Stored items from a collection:
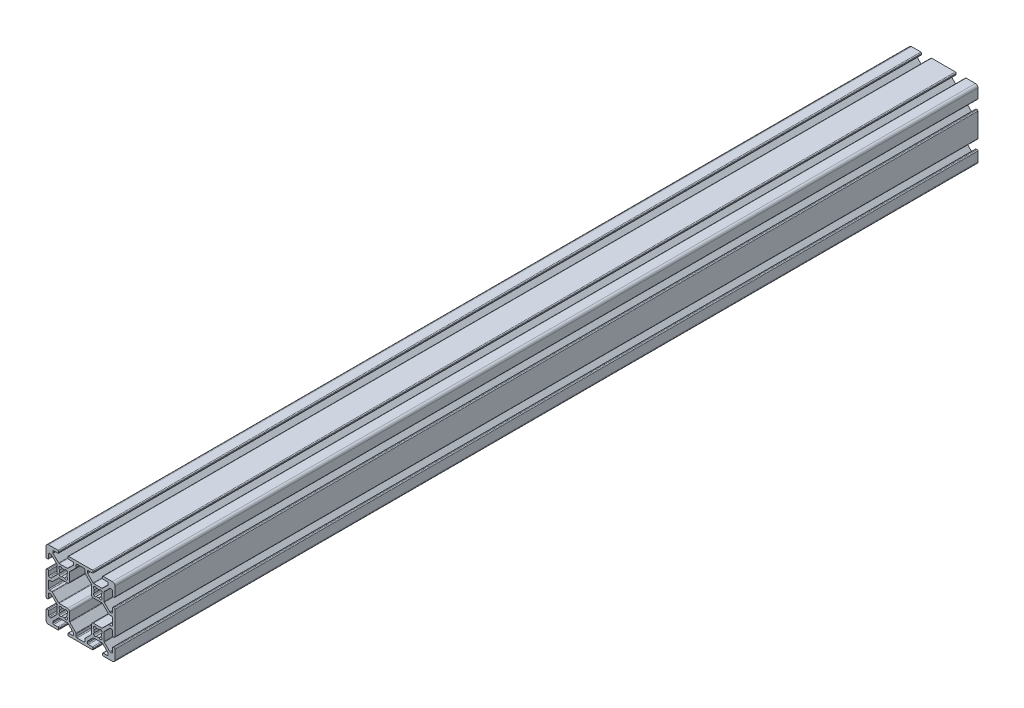
SolidWorks part; units mm, degrees
material "6105-T5 Aluminum"
ref_plane "Front Plane" through (0, 0, 0) normal (0, 0, 1) x (1, 0, 0)
ref_plane "Top Plane" through (0, 0, 0) normal (0, 1, 0) x (1, 0, 0)
ref_plane "Right Plane" through (0, 0, 0) normal (1, 0, 0) x (0, 0, -1)
sketch "Sketch1" plane through (0, 0, 0) normal (0, 0, 1) x (1, 0, 0)
  line L0 (-2.1249, 17.6955) -> (-2.3045, 17.8751)
  line L1 (-2.3045, 22.1249) -> (-2.1249, 22.3045)
  line L2 (2.1249, 22.3045) -> (2.3045, 22.1249)
  line L3 (2.3045, 17.8751) -> (2.1249, 17.6955)
  line L4 (-22.1249, 17.6955) -> (-22.3045, 17.8751)
  line L5 (-22.3045, 22.1249) -> (-22.1249, 22.3045)
  line L6 (-17.8751, 22.3045) -> (-17.6955, 22.1249)
  line L7 (-17.6955, 17.8751) -> (-17.8751, 17.6955)
  line L8 (-2.1249, -2.3045) -> (-2.3045, -2.1249)
  line L9 (-2.3045, 2.1249) -> (-2.1249, 2.3045)
  line L10 (2.1249, 2.3045) -> (2.3045, 2.1249)
  line L11 (2.3045, -2.1249) -> (2.1249, -2.3045)
  line L12 (-12.505, -7.992) -> (-12.505, -6.6448)
  line L13 (-12.6538, -6.2856) -> (-16.1962, -2.7431)
  line L14 (-16.345, -2.3839) -> (-16.345, 2.512)
  line L15 (-17.488, 3.655) -> (-22.3839, 3.655)
  line L16 (-22.7431, 3.8038) -> (-26.2856, 7.3462)
  line L17 (-26.6448, 7.495) -> (-27.992, 7.495)
  line L18 (-28.5, 8.003) -> (-28.5, 11.997)
  line L19 (-27.992, 12.505) -> (-26.6448, 12.505)
  line L20 (-26.2856, 12.6538) -> (-22.7431, 16.1962)
  line L21 (-22.3839, 16.345) -> (-17.488, 16.345)
  line L22 (-16.345, 17.488) -> (-16.345, 22.3839)
  line L23 (-16.1962, 22.7431) -> (-12.6538, 26.2856)
  line L24 (-12.505, 26.6448) -> (-12.505, 27.992)
  line L25 (-11.997, 28.5) -> (-8.003, 28.5)
  line L26 (-7.495, 27.992) -> (-7.495, 26.6448)
  line L27 (-7.3462, 26.2856) -> (-3.8038, 22.7431)
  line L28 (-3.655, 22.3839) -> (-3.655, 17.488)
  line L29 (-2.512, 16.345) -> (2.3839, 16.345)
  line L30 (2.7431, 16.1962) -> (6.2856, 12.6538)
  line L31 (6.6448, 12.505) -> (7.992, 12.505)
  line L32 (8.5, 11.997) -> (8.5, 8.003)
  line L33 (7.992, 7.495) -> (6.6448, 7.495)
  line L34 (6.2856, 7.3462) -> (2.7431, 3.8038)
  line L35 (2.3839, 3.655) -> (-2.512, 3.655)
  line L36 (-3.655, 2.512) -> (-3.655, -2.3839)
  line L37 (-3.8038, -2.7431) -> (-7.3462, -6.2856)
  line L38 (-7.495, -6.6448) -> (-7.495, -7.992)
  line L39 (-8.003, -8.5) -> (-11.997, -8.5)
  line L40 (-22.1249, -2.3045) -> (-22.3045, -2.1249)
  line L41 (-22.3045, 2.1249) -> (-22.1249, 2.3045)
  line L42 (-17.8751, 2.3045) -> (-17.6955, 2.1249)
  line L43 (-17.6955, -2.1249) -> (-17.8751, -2.3045)
  line L44 (-22.3839, -3.655) -> (-17.6161, -3.655)
  line L45 (-17.2569, -3.8038) -> (-14.1538, -6.9069)
  line L46 (-14.005, -7.2661) -> (-14.005, -7.992)
  line L47 (-14.513, -8.5) -> (-16.862, -8.5)
  line L48 (-17.37, -9.008) -> (-17.37, -9.492)
  line L49 (-16.862, -10) -> (-3.138, -10)
  line L50 (-2.63, -9.492) -> (-2.63, -9.008)
  line L51 (-3.138, -8.5) -> (-5.487, -8.5)
  line L52 (-5.995, -7.992) -> (-5.995, -7.2661)
  line L53 (-5.8462, -6.9069) -> (-2.7431, -3.8038)
  line L54 (-2.3839, -3.655) -> (2.3839, -3.655)
  line L55 (2.7431, -3.8038) -> (5.8462, -6.9069)
  line L56 (5.995, -7.2661) -> (5.995, -7.992)
  line L57 (5.487, -8.5) -> (3.138, -8.5)
  line L58 (2.63, -9.008) -> (2.63, -9.492)
  line L59 (3.138, -10) -> (8.5, -10)
  line L60 (10, -8.5) -> (10, -3.138)
  line L61 (9.492, -2.63) -> (9.008, -2.63)
  line L62 (8.5, -3.138) -> (8.5, -5.487)
  line L63 (7.992, -5.995) -> (7.2661, -5.995)
  line L64 (6.9069, -5.8462) -> (3.8038, -2.7431)
  line L65 (3.655, -2.3839) -> (3.655, 2.3839)
  line L66 (3.8038, 2.7431) -> (6.9069, 5.8462)
  line L67 (7.2661, 5.995) -> (7.992, 5.995)
  line L68 (8.5, 5.487) -> (8.5, 3.138)
  line L69 (9.008, 2.63) -> (9.492, 2.63)
  line L70 (10, 3.138) -> (10, 16.862)
  line L71 (9.492, 17.37) -> (9.008, 17.37)
  line L72 (8.5, 16.862) -> (8.5, 14.513)
  line L73 (7.992, 14.005) -> (7.2661, 14.005)
  line L74 (6.9069, 14.1538) -> (3.8038, 17.2569)
  line L75 (3.655, 17.6161) -> (3.655, 22.3839)
  line L76 (3.8038, 22.7431) -> (6.9069, 25.8462)
  line L77 (7.2661, 25.995) -> (7.992, 25.995)
  line L78 (8.5, 25.487) -> (8.5, 23.138)
  line L79 (9.008, 22.63) -> (9.492, 22.63)
  line L80 (10, 23.138) -> (10, 28.5)
  line L81 (8.5, 30) -> (3.138, 30)
  line L82 (2.63, 29.492) -> (2.63, 29.008)
  line L83 (3.138, 28.5) -> (5.487, 28.5)
  line L84 (5.995, 27.992) -> (5.995, 27.2661)
  line L85 (5.8462, 26.9069) -> (2.7431, 23.8038)
  line L86 (2.3839, 23.655) -> (-2.3839, 23.655)
  line L87 (-2.7431, 23.8038) -> (-5.8462, 26.9069)
  line L88 (-5.995, 27.2661) -> (-5.995, 27.992)
  line L89 (-5.487, 28.5) -> (-3.138, 28.5)
  line L90 (-2.63, 29.008) -> (-2.63, 29.492)
  line L91 (-3.138, 30) -> (-16.862, 30)
  line L92 (-17.37, 29.492) -> (-17.37, 29.008)
  line L93 (-16.862, 28.5) -> (-14.513, 28.5)
  line L94 (-14.005, 27.992) -> (-14.005, 27.2661)
  line L95 (-14.1538, 26.9069) -> (-17.2569, 23.8038)
  line L96 (-17.6161, 23.655) -> (-22.3839, 23.655)
  line L97 (-22.7431, 23.8038) -> (-25.8462, 26.9069)
  line L98 (-25.995, 27.2661) -> (-25.995, 27.992)
  line L99 (-25.487, 28.5) -> (-23.138, 28.5)
  line L100 (-22.63, 29.008) -> (-22.63, 29.492)
  line L101 (-23.138, 30) -> (-28.5, 30)
  line L102 (-30, 28.5) -> (-30, 23.138)
  line L103 (-29.492, 22.63) -> (-29.008, 22.63)
  line L104 (-28.5, 23.138) -> (-28.5, 25.487)
  line L105 (-27.992, 25.995) -> (-27.2661, 25.995)
  line L106 (-26.9069, 25.8462) -> (-23.8038, 22.7431)
  line L107 (-23.655, 22.3839) -> (-23.655, 17.6161)
  line L108 (-23.8038, 17.2569) -> (-26.9069, 14.1538)
  line L109 (-27.2661, 14.005) -> (-27.992, 14.005)
  line L110 (-28.5, 14.513) -> (-28.5, 16.862)
  line L111 (-29.008, 17.37) -> (-29.492, 17.37)
  line L112 (-30, 16.862) -> (-30, 3.138)
  line L113 (-29.492, 2.63) -> (-29.008, 2.63)
  line L114 (-28.5, 3.138) -> (-28.5, 5.487)
  line L115 (-27.992, 5.995) -> (-27.2661, 5.995)
  line L116 (-26.9069, 5.8462) -> (-23.8038, 2.7431)
  line L117 (-23.655, 2.3839) -> (-23.655, -2.3839)
  line L118 (-23.8038, -2.7431) -> (-26.9069, -5.8462)
  line L119 (-27.2661, -5.995) -> (-27.992, -5.995)
  line L120 (-28.5, -5.487) -> (-28.5, -3.138)
  line L121 (-29.008, -2.63) -> (-29.492, -2.63)
  line L122 (-30, -3.138) -> (-30, -8.5)
  line L123 (-28.5, -10) -> (-23.138, -10)
  line L124 (-22.63, -9.492) -> (-22.63, -9.008)
  line L125 (-23.138, -8.5) -> (-25.487, -8.5)
  line L126 (-25.995, -7.992) -> (-25.995, -7.2661)
  line L127 (-25.8462, -6.9069) -> (-22.7431, -3.8038)
  arc A0 (-1.9351, 19.196) -> (-2.3045, 17.8751) centre (-1.748, 18.4316) ccw
  arc A1 (-1.9351, 20.804) -> (-1.9351, 19.196) centre (0, 20) ccw
  arc A2 (-2.3045, 22.1249) -> (-1.9351, 20.804) centre (-1.748, 21.5684) ccw
  arc A3 (-0.804, 21.9351) -> (-2.1249, 22.3045) centre (-1.5684, 21.748) ccw
  arc A4 (0.804, 21.9351) -> (-0.804, 21.9351) centre (0, 20) ccw
  arc A5 (2.1249, 22.3045) -> (0.804, 21.9351) centre (1.5684, 21.748) ccw
  arc A6 (1.9351, 20.804) -> (2.3045, 22.1249) centre (1.748, 21.5684) ccw
  arc A7 (1.9351, 19.196) -> (1.9351, 20.804) centre (0, 20) ccw
  arc A8 (2.3045, 17.8751) -> (1.9351, 19.196) centre (1.748, 18.4316) ccw
  arc A9 (0.804, 18.0649) -> (2.1249, 17.6955) centre (1.5684, 18.252) ccw
  arc A10 (-0.804, 18.0649) -> (0.804, 18.0649) centre (0, 20) ccw
  arc A11 (-2.1249, 17.6955) -> (-0.804, 18.0649) centre (-1.5684, 18.252) ccw
  arc A12 (-21.9351, 19.196) -> (-22.3045, 17.8751) centre (-21.748, 18.4316) ccw
  arc A13 (-21.9351, 20.804) -> (-21.9351, 19.196) centre (-20, 20) ccw
  arc A14 (-22.3045, 22.1249) -> (-21.9351, 20.804) centre (-21.748, 21.5684) ccw
  arc A15 (-20.804, 21.9351) -> (-22.1249, 22.3045) centre (-21.5684, 21.748) ccw
  arc A16 (-19.196, 21.9351) -> (-20.804, 21.9351) centre (-20, 20) ccw
  arc A17 (-17.8751, 22.3045) -> (-19.196, 21.9351) centre (-18.4316, 21.748) ccw
  arc A18 (-18.0649, 20.804) -> (-17.6955, 22.1249) centre (-18.252, 21.5684) ccw
  arc A19 (-18.0649, 19.196) -> (-18.0649, 20.804) centre (-20, 20) ccw
  arc A20 (-17.6955, 17.8751) -> (-18.0649, 19.196) centre (-18.252, 18.4316) ccw
  arc A21 (-19.196, 18.0649) -> (-17.8751, 17.6955) centre (-18.4316, 18.252) ccw
  arc A22 (-20.804, 18.0649) -> (-19.196, 18.0649) centre (-20, 20) ccw
  arc A23 (-22.1249, 17.6955) -> (-20.804, 18.0649) centre (-21.5684, 18.252) ccw
  arc A24 (-1.9351, -0.804) -> (-2.3045, -2.1249) centre (-1.748, -1.5684) ccw
  arc A25 (-1.9351, 0.804) -> (-1.9351, -0.804) centre (0, 0) ccw
  arc A26 (-2.3045, 2.1249) -> (-1.9351, 0.804) centre (-1.748, 1.5684) ccw
  arc A27 (-0.804, 1.9351) -> (-2.1249, 2.3045) centre (-1.5684, 1.748) ccw
  arc A28 (0.804, 1.9351) -> (-0.804, 1.9351) centre (0, 0) ccw
  arc A29 (2.1249, 2.3045) -> (0.804, 1.9351) centre (1.5684, 1.748) ccw
  arc A30 (1.9351, 0.804) -> (2.3045, 2.1249) centre (1.748, 1.5684) ccw
  arc A31 (1.9351, -0.804) -> (1.9351, 0.804) centre (0, 0) ccw
  arc A32 (2.3045, -2.1249) -> (1.9351, -0.804) centre (1.748, -1.5684) ccw
  arc A33 (0.804, -1.9351) -> (2.1249, -2.3045) centre (1.5684, -1.748) ccw
  arc A34 (-0.804, -1.9351) -> (0.804, -1.9351) centre (0, 0) ccw
  arc A35 (-2.1249, -2.3045) -> (-0.804, -1.9351) centre (-1.5684, -1.748) ccw
  arc A36 (-12.505, -7.992) -> (-11.997, -8.5) centre (-11.997, -7.992) ccw
  arc A37 (-12.505, -6.6448) -> (-12.6538, -6.2856) centre (-13.013, -6.6448) ccw
  arc A38 (-16.345, -2.3839) -> (-16.1962, -2.7431) centre (-15.837, -2.3839) ccw
  arc A39 (-16.345, 2.512) -> (-17.488, 3.655) centre (-17.488, 2.512) ccw
  arc A40 (-22.7431, 3.8038) -> (-22.3839, 3.655) centre (-22.3839, 4.163) ccw
  arc A41 (-26.2856, 7.3462) -> (-26.6448, 7.495) centre (-26.6448, 6.987) ccw
  arc A42 (-28.5, 8.003) -> (-27.992, 7.495) centre (-27.992, 8.003) ccw
  arc A43 (-27.992, 12.505) -> (-28.5, 11.997) centre (-27.992, 11.997) ccw
  arc A44 (-26.6448, 12.505) -> (-26.2856, 12.6538) centre (-26.6448, 13.013) ccw
  arc A45 (-22.3839, 16.345) -> (-22.7431, 16.1962) centre (-22.3839, 15.837) ccw
  arc A46 (-17.488, 16.345) -> (-16.345, 17.488) centre (-17.488, 17.488) ccw
  arc A47 (-16.1962, 22.7431) -> (-16.345, 22.3839) centre (-15.837, 22.3839) ccw
  arc A48 (-12.6538, 26.2856) -> (-12.505, 26.6448) centre (-13.013, 26.6448) ccw
  arc A49 (-11.997, 28.5) -> (-12.505, 27.992) centre (-11.997, 27.992) ccw
  arc A50 (-7.495, 27.992) -> (-8.003, 28.5) centre (-8.003, 27.992) ccw
  arc A51 (-7.495, 26.6448) -> (-7.3462, 26.2856) centre (-6.987, 26.6448) ccw
  arc A52 (-3.655, 22.3839) -> (-3.8038, 22.7431) centre (-4.163, 22.3839) ccw
  arc A53 (-3.655, 17.488) -> (-2.512, 16.345) centre (-2.512, 17.488) ccw
  arc A54 (2.7431, 16.1962) -> (2.3839, 16.345) centre (2.3839, 15.837) ccw
  arc A55 (6.2856, 12.6538) -> (6.6448, 12.505) centre (6.6448, 13.013) ccw
  arc A56 (8.5, 11.997) -> (7.992, 12.505) centre (7.992, 11.997) ccw
  arc A57 (7.992, 7.495) -> (8.5, 8.003) centre (7.992, 8.003) ccw
  arc A58 (6.6448, 7.495) -> (6.2856, 7.3462) centre (6.6448, 6.987) ccw
  arc A59 (2.3839, 3.655) -> (2.7431, 3.8038) centre (2.3839, 4.163) ccw
  arc A60 (-2.512, 3.655) -> (-3.655, 2.512) centre (-2.512, 2.512) ccw
  arc A61 (-3.8038, -2.7431) -> (-3.655, -2.3839) centre (-4.163, -2.3839) ccw
  arc A62 (-7.3462, -6.2856) -> (-7.495, -6.6448) centre (-6.987, -6.6448) ccw
  arc A63 (-8.003, -8.5) -> (-7.495, -7.992) centre (-8.003, -7.992) ccw
  arc A64 (-21.9351, -0.804) -> (-22.3045, -2.1249) centre (-21.748, -1.5684) ccw
  arc A65 (-21.9351, 0.804) -> (-21.9351, -0.804) centre (-20, 0) ccw
  arc A66 (-22.3045, 2.1249) -> (-21.9351, 0.804) centre (-21.748, 1.5684) ccw
  arc A67 (-20.804, 1.9351) -> (-22.1249, 2.3045) centre (-21.5684, 1.748) ccw
  arc A68 (-19.196, 1.9351) -> (-20.804, 1.9351) centre (-20, 0) ccw
  arc A69 (-17.8751, 2.3045) -> (-19.196, 1.9351) centre (-18.4316, 1.748) ccw
  arc A70 (-18.0649, 0.804) -> (-17.6955, 2.1249) centre (-18.252, 1.5684) ccw
  arc A71 (-18.0649, -0.804) -> (-18.0649, 0.804) centre (-20, 0) ccw
  arc A72 (-17.6955, -2.1249) -> (-18.0649, -0.804) centre (-18.252, -1.5684) ccw
  arc A73 (-19.196, -1.9351) -> (-17.8751, -2.3045) centre (-18.4316, -1.748) ccw
  arc A74 (-20.804, -1.9351) -> (-19.196, -1.9351) centre (-20, 0) ccw
  arc A75 (-22.1249, -2.3045) -> (-20.804, -1.9351) centre (-21.5684, -1.748) ccw
  arc A76 (-22.3839, -3.655) -> (-22.7431, -3.8038) centre (-22.3839, -4.163) ccw
  arc A77 (-17.2569, -3.8038) -> (-17.6161, -3.655) centre (-17.6161, -4.163) ccw
  arc A78 (-14.005, -7.2661) -> (-14.1538, -6.9069) centre (-14.513, -7.2661) ccw
  arc A79 (-14.513, -8.5) -> (-14.005, -7.992) centre (-14.513, -7.992) ccw
  arc A80 (-16.862, -8.5) -> (-17.37, -9.008) centre (-16.862, -9.008) ccw
  arc A81 (-17.37, -9.492) -> (-16.862, -10) centre (-16.862, -9.492) ccw
  arc A82 (-3.138, -10) -> (-2.63, -9.492) centre (-3.138, -9.492) ccw
  arc A83 (-2.63, -9.008) -> (-3.138, -8.5) centre (-3.138, -9.008) ccw
  arc A84 (-5.995, -7.992) -> (-5.487, -8.5) centre (-5.487, -7.992) ccw
  arc A85 (-5.8462, -6.9069) -> (-5.995, -7.2661) centre (-5.487, -7.2661) ccw
  arc A86 (-2.3839, -3.655) -> (-2.7431, -3.8038) centre (-2.3839, -4.163) ccw
  arc A87 (2.7431, -3.8038) -> (2.3839, -3.655) centre (2.3839, -4.163) ccw
  arc A88 (5.995, -7.2661) -> (5.8462, -6.9069) centre (5.487, -7.2661) ccw
  arc A89 (5.487, -8.5) -> (5.995, -7.992) centre (5.487, -7.992) ccw
  arc A90 (3.138, -8.5) -> (2.63, -9.008) centre (3.138, -9.008) ccw
  arc A91 (2.63, -9.492) -> (3.138, -10) centre (3.138, -9.492) ccw
  arc A92 (8.5, -10) -> (10, -8.5) centre (8.5, -8.5) ccw
  arc A93 (10, -3.138) -> (9.492, -2.63) centre (9.492, -3.138) ccw
  arc A94 (9.008, -2.63) -> (8.5, -3.138) centre (9.008, -3.138) ccw
  arc A95 (7.992, -5.995) -> (8.5, -5.487) centre (7.992, -5.487) ccw
  arc A96 (6.9069, -5.8462) -> (7.2661, -5.995) centre (7.2661, -5.487) ccw
  arc A97 (3.655, -2.3839) -> (3.8038, -2.7431) centre (4.163, -2.3839) ccw
  arc A98 (3.8038, 2.7431) -> (3.655, 2.3839) centre (4.163, 2.3839) ccw
  arc A99 (7.2661, 5.995) -> (6.9069, 5.8462) centre (7.2661, 5.487) ccw
  arc A100 (8.5, 5.487) -> (7.992, 5.995) centre (7.992, 5.487) ccw
  arc A101 (8.5, 3.138) -> (9.008, 2.63) centre (9.008, 3.138) ccw
  arc A102 (9.492, 2.63) -> (10, 3.138) centre (9.492, 3.138) ccw
  arc A103 (10, 16.862) -> (9.492, 17.37) centre (9.492, 16.862) ccw
  arc A104 (9.008, 17.37) -> (8.5, 16.862) centre (9.008, 16.862) ccw
  arc A105 (7.992, 14.005) -> (8.5, 14.513) centre (7.992, 14.513) ccw
  arc A106 (6.9069, 14.1538) -> (7.2661, 14.005) centre (7.2661, 14.513) ccw
  arc A107 (3.655, 17.6161) -> (3.8038, 17.2569) centre (4.163, 17.6161) ccw
  arc A108 (3.8038, 22.7431) -> (3.655, 22.3839) centre (4.163, 22.3839) ccw
  arc A109 (7.2661, 25.995) -> (6.9069, 25.8462) centre (7.2661, 25.487) ccw
  arc A110 (8.5, 25.487) -> (7.992, 25.995) centre (7.992, 25.487) ccw
  arc A111 (8.5, 23.138) -> (9.008, 22.63) centre (9.008, 23.138) ccw
  arc A112 (9.492, 22.63) -> (10, 23.138) centre (9.492, 23.138) ccw
  arc A113 (10, 28.5) -> (8.5, 30) centre (8.5, 28.5) ccw
  arc A114 (3.138, 30) -> (2.63, 29.492) centre (3.138, 29.492) ccw
  arc A115 (2.63, 29.008) -> (3.138, 28.5) centre (3.138, 29.008) ccw
  arc A116 (5.995, 27.992) -> (5.487, 28.5) centre (5.487, 27.992) ccw
  arc A117 (5.8462, 26.9069) -> (5.995, 27.2661) centre (5.487, 27.2661) ccw
  arc A118 (2.3839, 23.655) -> (2.7431, 23.8038) centre (2.3839, 24.163) ccw
  arc A119 (-2.7431, 23.8038) -> (-2.3839, 23.655) centre (-2.3839, 24.163) ccw
  arc A120 (-5.995, 27.2661) -> (-5.8462, 26.9069) centre (-5.487, 27.2661) ccw
  arc A121 (-5.487, 28.5) -> (-5.995, 27.992) centre (-5.487, 27.992) ccw
  arc A122 (-3.138, 28.5) -> (-2.63, 29.008) centre (-3.138, 29.008) ccw
  arc A123 (-2.63, 29.492) -> (-3.138, 30) centre (-3.138, 29.492) ccw
  arc A124 (-16.862, 30) -> (-17.37, 29.492) centre (-16.862, 29.492) ccw
  arc A125 (-17.37, 29.008) -> (-16.862, 28.5) centre (-16.862, 29.008) ccw
  arc A126 (-14.005, 27.992) -> (-14.513, 28.5) centre (-14.513, 27.992) ccw
  arc A127 (-14.1538, 26.9069) -> (-14.005, 27.2661) centre (-14.513, 27.2661) ccw
  arc A128 (-17.6161, 23.655) -> (-17.2569, 23.8038) centre (-17.6161, 24.163) ccw
  arc A129 (-22.7431, 23.8038) -> (-22.3839, 23.655) centre (-22.3839, 24.163) ccw
  arc A130 (-25.995, 27.2661) -> (-25.8462, 26.9069) centre (-25.487, 27.2661) ccw
  arc A131 (-25.487, 28.5) -> (-25.995, 27.992) centre (-25.487, 27.992) ccw
  arc A132 (-23.138, 28.5) -> (-22.63, 29.008) centre (-23.138, 29.008) ccw
  arc A133 (-22.63, 29.492) -> (-23.138, 30) centre (-23.138, 29.492) ccw
  arc A134 (-28.5, 30) -> (-30, 28.5) centre (-28.5, 28.5) ccw
  arc A135 (-30, 23.138) -> (-29.492, 22.63) centre (-29.492, 23.138) ccw
  arc A136 (-29.008, 22.63) -> (-28.5, 23.138) centre (-29.008, 23.138) ccw
  arc A137 (-27.992, 25.995) -> (-28.5, 25.487) centre (-27.992, 25.487) ccw
  arc A138 (-26.9069, 25.8462) -> (-27.2661, 25.995) centre (-27.2661, 25.487) ccw
  arc A139 (-23.655, 22.3839) -> (-23.8038, 22.7431) centre (-24.163, 22.3839) ccw
  arc A140 (-23.8038, 17.2569) -> (-23.655, 17.6161) centre (-24.163, 17.6161) ccw
  arc A141 (-27.2661, 14.005) -> (-26.9069, 14.1538) centre (-27.2661, 14.513) ccw
  arc A142 (-28.5, 14.513) -> (-27.992, 14.005) centre (-27.992, 14.513) ccw
  arc A143 (-28.5, 16.862) -> (-29.008, 17.37) centre (-29.008, 16.862) ccw
  arc A144 (-29.492, 17.37) -> (-30, 16.862) centre (-29.492, 16.862) ccw
  arc A145 (-30, 3.138) -> (-29.492, 2.63) centre (-29.492, 3.138) ccw
  arc A146 (-29.008, 2.63) -> (-28.5, 3.138) centre (-29.008, 3.138) ccw
  arc A147 (-27.992, 5.995) -> (-28.5, 5.487) centre (-27.992, 5.487) ccw
  arc A148 (-26.9069, 5.8462) -> (-27.2661, 5.995) centre (-27.2661, 5.487) ccw
  arc A149 (-23.655, 2.3839) -> (-23.8038, 2.7431) centre (-24.163, 2.3839) ccw
  arc A150 (-23.8038, -2.7431) -> (-23.655, -2.3839) centre (-24.163, -2.3839) ccw
  arc A151 (-27.2661, -5.995) -> (-26.9069, -5.8462) centre (-27.2661, -5.487) ccw
  arc A152 (-28.5, -5.487) -> (-27.992, -5.995) centre (-27.992, -5.487) ccw
  arc A153 (-28.5, -3.138) -> (-29.008, -2.63) centre (-29.008, -3.138) ccw
  arc A154 (-29.492, -2.63) -> (-30, -3.138) centre (-29.492, -3.138) ccw
  arc A155 (-30, -8.5) -> (-28.5, -10) centre (-28.5, -8.5) ccw
  arc A156 (-23.138, -10) -> (-22.63, -9.492) centre (-23.138, -9.492) ccw
  arc A157 (-22.63, -9.008) -> (-23.138, -8.5) centre (-23.138, -9.008) ccw
  arc A158 (-25.995, -7.992) -> (-25.487, -8.5) centre (-25.487, -7.992) ccw
  arc A159 (-25.8462, -6.9069) -> (-25.995, -7.2661) centre (-25.487, -7.2661) ccw
extrude "Extrude1" add sketch "Sketch1" against normal blind 500

What the exercise asks: Only the lines from the first line of the data above through the line with "line L5 (-22.3045, 22.1249)" should appear in the answer, retyped exactly, with every picture left out.

Task answer:
SolidWorks part; units mm, degrees
material "6105-T5 Aluminum"
ref_plane "Front Plane" through (0, 0, 0) normal (0, 0, 1) x (1, 0, 0)
ref_plane "Top Plane" through (0, 0, 0) normal (0, 1, 0) x (1, 0, 0)
ref_plane "Right Plane" through (0, 0, 0) normal (1, 0, 0) x (0, 0, -1)
sketch "Sketch1" plane through (0, 0, 0) normal (0, 0, 1) x (1, 0, 0)
  line L0 (-2.1249, 17.6955) -> (-2.3045, 17.8751)
  line L1 (-2.3045, 22.1249) -> (-2.1249, 22.3045)
  line L2 (2.1249, 22.3045) -> (2.3045, 22.1249)
  line L3 (2.3045, 17.8751) -> (2.1249, 17.6955)
  line L4 (-22.1249, 17.6955) -> (-22.3045, 17.8751)
  line L5 (-22.3045, 22.1249) -> (-22.1249, 22.3045)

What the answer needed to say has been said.